(Items from a dataset)

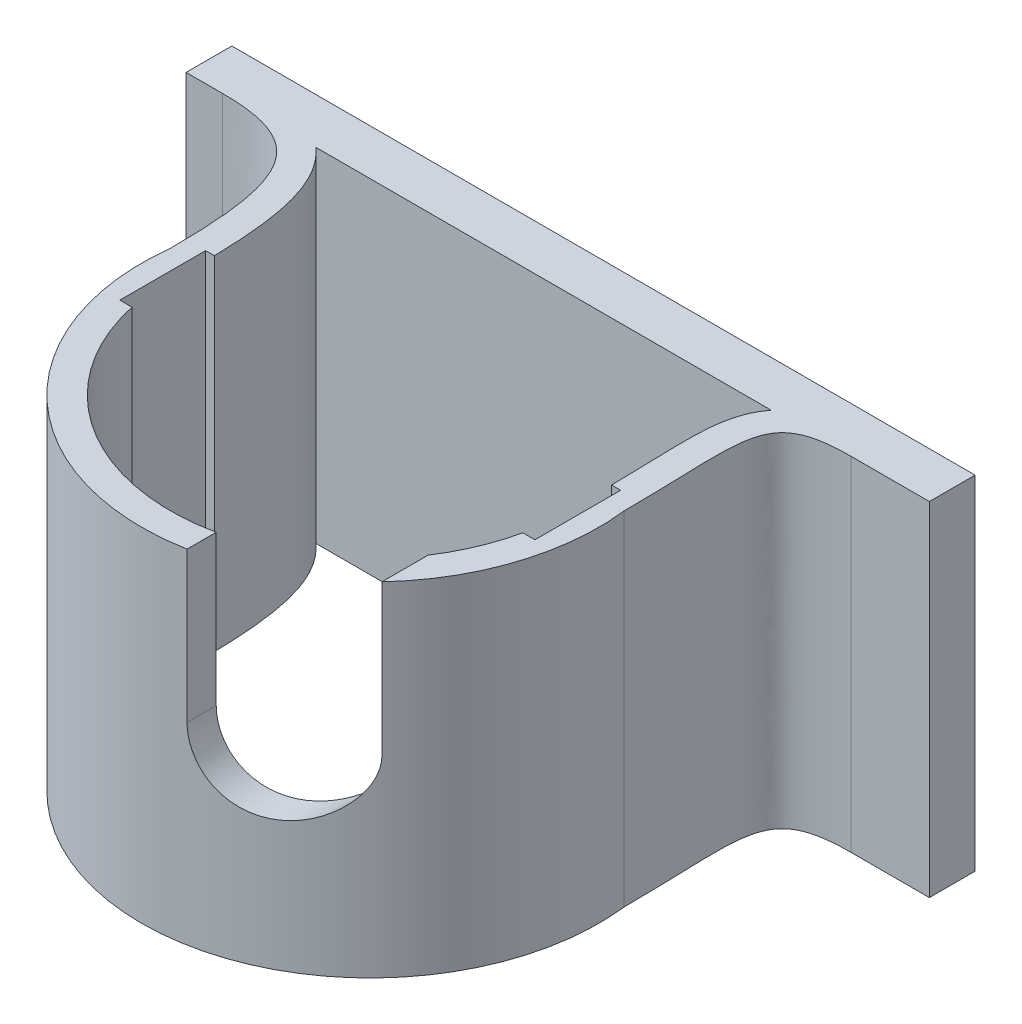
from build123d import *

# Parameters (mm, degrees)
BOSS_EXTRUDE2_START     = -30
BOSS_EXTRUDE2_DEPTH     = 60
CUT_EXTRUDE1_DEPTH      = 30
CUT_EXTRUDE1_DEPTH_BACK = 12
SKETCH2_W               = 72.600000086
SKETCH2_H               = 15
CUT_EXTRUDE2_REACH      = 109.943
CUT_EXTRUDE2_END_RADIUS = 35


# Read off the part's stored shape, not the designer's step: Boss-Extrude2
with BuildPart() as part:
    # Boss-Extrude2 outline → Boss-Extrude2 (new body)
    with BuildSketch(Plane(origin=(0, 0, 0), x_dir=(1, 0, 0), z_dir=(0, 1, 0)).offset(BOSS_EXTRUDE2_START)):
        with BuildLine():
            Line((-65, 40.788), (-65, 32.788))
            Line((-65, 32.788), (-58.6640897, 32.788))
            add(Edge.make_bspline(
                [(-39.726875088, 4.666411438), (-39.726875088, 26.333078105), (-43.6640897, 32.788), (-58.6640897, 32.788)],
                knots=[0, 0, 0, 0, 1, 1, 1, 1], degree=3))
            ThreePointArc((-39.726875088, 4.666411438), (0, -40), (39.726875088, 4.666411438))
            add(Edge.make_bspline(
                [(39.726875088, 4.666411438), (39.726875088, 26.333078105), (36.335782116, 32.788), (51.335782116, 32.788)],
                knots=[0, 0, 0, 0, 1, 1, 1, 1], degree=3))
            Line((51.335782116, 32.788), (65, 32.788))
            Line((65, 32.788), (65, 40.788))
            Line((65, 40.788), (-65, 40.788))
        make_face()
        with BuildLine():
            add(Edge.make_bspline(
                [(37.322321234, 32.787999997), (37.214983937, 32.6492714), (36.601118756, 31.814611367), (35.73171702, 30.172599558), (34.800229832, 27.122418367), (34.414470427, 23.259382738), (34.438742851, 18.930468379), (34.548064386, 14.993063003), (34.641903468, 11.772708701), (34.703941427, 8.845933226), (34.725133622, 6.653478096), (34.72929314, 5.367067617), (34.727774909, 4.696007075), (34.726875088, 4.363959967)],
                knots=[0.359345427, 0.359345427, 0.359345427, 0.359345427, 0.372091813, 0.434882632, 0.49767345, 0.623255088, 0.748836725, 0.811627544, 0.874418363, 0.937209181, 0.968604591, 0.984302295, 1, 1, 1, 1], degree=3))
            ThreePointArc((34.726875088, 4.363959967), (0, -35), (-34.726875088, 4.363959967))
            add(Edge.make_bspline(
                [(-34.726875088, 4.363959967), (-34.729305052, 5.049007951), (-34.738428611, 6.435574708), (-34.793206082, 9.076539579), (-34.927377092, 12.195031477), (-35.211190541, 15.649676256), (-35.779016422, 19.912389182), (-36.900687517, 24.659444132), (-39.068630657, 29.318190534), (-41.204796111, 31.813713357), (-42.298121026, 32.787999997)],
                knots=[-0.0046531, -0.0046531, -0.0046531, -0.0046531, 0.02674231, 0.058137719, 0.120928538, 0.183719357, 0.246510175, 0.372091813, 0.49767345, 0.601270914, 0.601270914, 0.601270914, 0.601270914], degree=3))
            Line((-42.298121026, 32.787999997), (37.322321234, 32.787999997))
        make_face(mode=Mode.SUBTRACT)
    extrude(amount=BOSS_EXTRUDE2_DEPTH)

    # Sketch2 → Cut-Extrude1 (cut, two sides: drawn at the far end of the back side and taken through both)
    with BuildSketch(Plane(origin=(0, 0, 0), x_dir=(1, 0, 0), z_dir=(0, 1, 0)).offset(-CUT_EXTRUDE1_DEPTH_BACK)):
        Rectangle(SKETCH2_W, SKETCH2_H)
    extrude(amount=CUT_EXTRUDE1_DEPTH + CUT_EXTRUDE1_DEPTH_BACK, mode=Mode.SUBTRACT)

    # Cut-Extrude2: up to this cylinder (the profile starts outside it)
    cut_extrude2_end = Plane(origin=(0, 12.467931, 0), z_dir=(0, -1, 0)) * Cylinder(CUT_EXTRUDE2_END_RADIUS, 290.886, mode=Mode.PRIVATE)
    # Sketch4 → Cut-Extrude2 (cut, up to the surface)
    with BuildSketch(Plane.XY.offset(40), mode=Mode.PRIVATE) as cut_extrude2_sk1:
        with BuildLine():
            Line((7.288, 30), (7.288, 3.748))
            ThreePointArc((7.288, 3.748), (18.288, -7.252), (29.288, 3.748))
            Line((29.288, 3.748), (29.288, 30))
            Line((29.288, 30), (7.288, 30))
        make_face()
    cut_extrude2_tool1 = extrude(cut_extrude2_sk1.sketch, amount=-CUT_EXTRUDE2_REACH, mode=Mode.PRIVATE) - cut_extrude2_end
    add(cut_extrude2_tool1.solids().sort_by_distance((18.288, 12.467931, 40))[0], mode=Mode.SUBTRACT)


solid = part.part

◆ What you are asked to do
Check every line of the records, and copy the ones that hold the word "SUBTRACT".

◆ Solution to this task
        make_face(mode=Mode.SUBTRACT)
    extrude(amount=CUT_EXTRUDE1_DEPTH + CUT_EXTRUDE1_DEPTH_BACK, mode=Mode.SUBTRACT)
    add(cut_extrude2_tool1.solids().sort_by_distance((18.288, 12.467931, 40))[0], mode=Mode.SUBTRACT)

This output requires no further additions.